(DATA SHOWN begins)

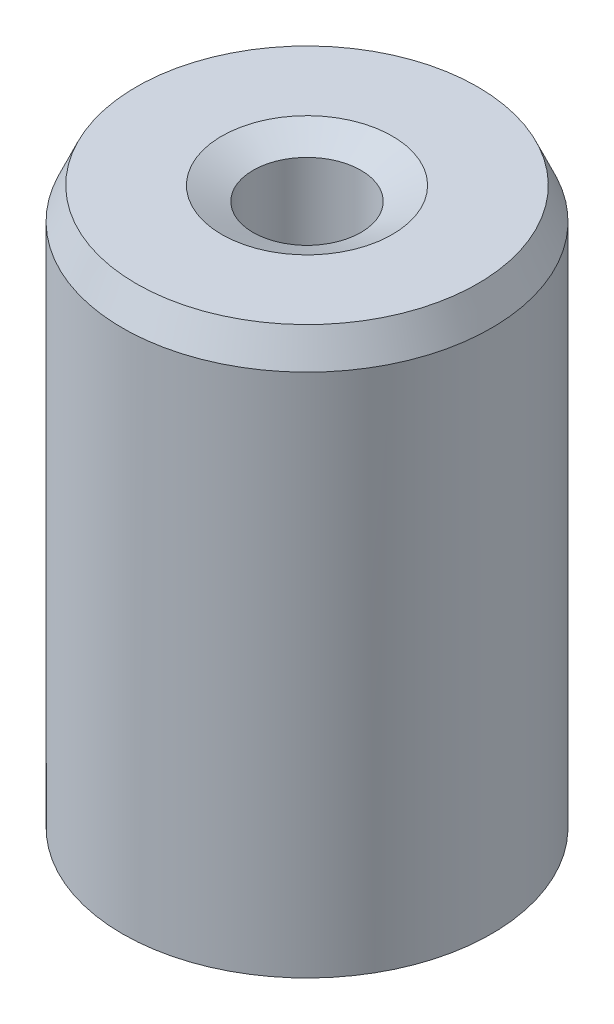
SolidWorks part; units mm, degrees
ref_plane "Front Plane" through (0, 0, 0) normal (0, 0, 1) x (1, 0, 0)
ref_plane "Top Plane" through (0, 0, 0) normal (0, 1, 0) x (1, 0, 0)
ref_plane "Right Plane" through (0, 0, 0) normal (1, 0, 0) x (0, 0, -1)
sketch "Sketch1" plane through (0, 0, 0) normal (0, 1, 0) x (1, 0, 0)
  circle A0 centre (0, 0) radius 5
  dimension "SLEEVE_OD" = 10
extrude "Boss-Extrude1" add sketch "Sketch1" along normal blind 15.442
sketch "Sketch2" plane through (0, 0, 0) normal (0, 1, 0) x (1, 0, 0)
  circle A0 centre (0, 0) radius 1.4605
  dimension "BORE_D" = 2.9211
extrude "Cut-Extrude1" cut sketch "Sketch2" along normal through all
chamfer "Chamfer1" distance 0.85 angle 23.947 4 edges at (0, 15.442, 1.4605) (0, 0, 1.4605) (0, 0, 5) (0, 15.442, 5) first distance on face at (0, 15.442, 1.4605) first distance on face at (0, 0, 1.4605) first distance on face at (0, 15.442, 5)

(DATA SHOWN ends)

■ EXERCISE REQUIREMENTS ■
Above are some records; copy exactly the lines from the one with "circle A0 centre (0, 0) radius 5" through the one with "circle A0 centre (0, 0) radius 1.4605", both included, and no others.

■ YOUR SOLUTION ■
  circle A0 centre (0, 0) radius 5
  dimension "SLEEVE_OD" = 10
extrude "Boss-Extrude1" add sketch "Sketch1" along normal blind 15.442
sketch "Sketch2" plane through (0, 0, 0) normal (0, 1, 0) x (1, 0, 0)
  circle A0 centre (0, 0) radius 1.4605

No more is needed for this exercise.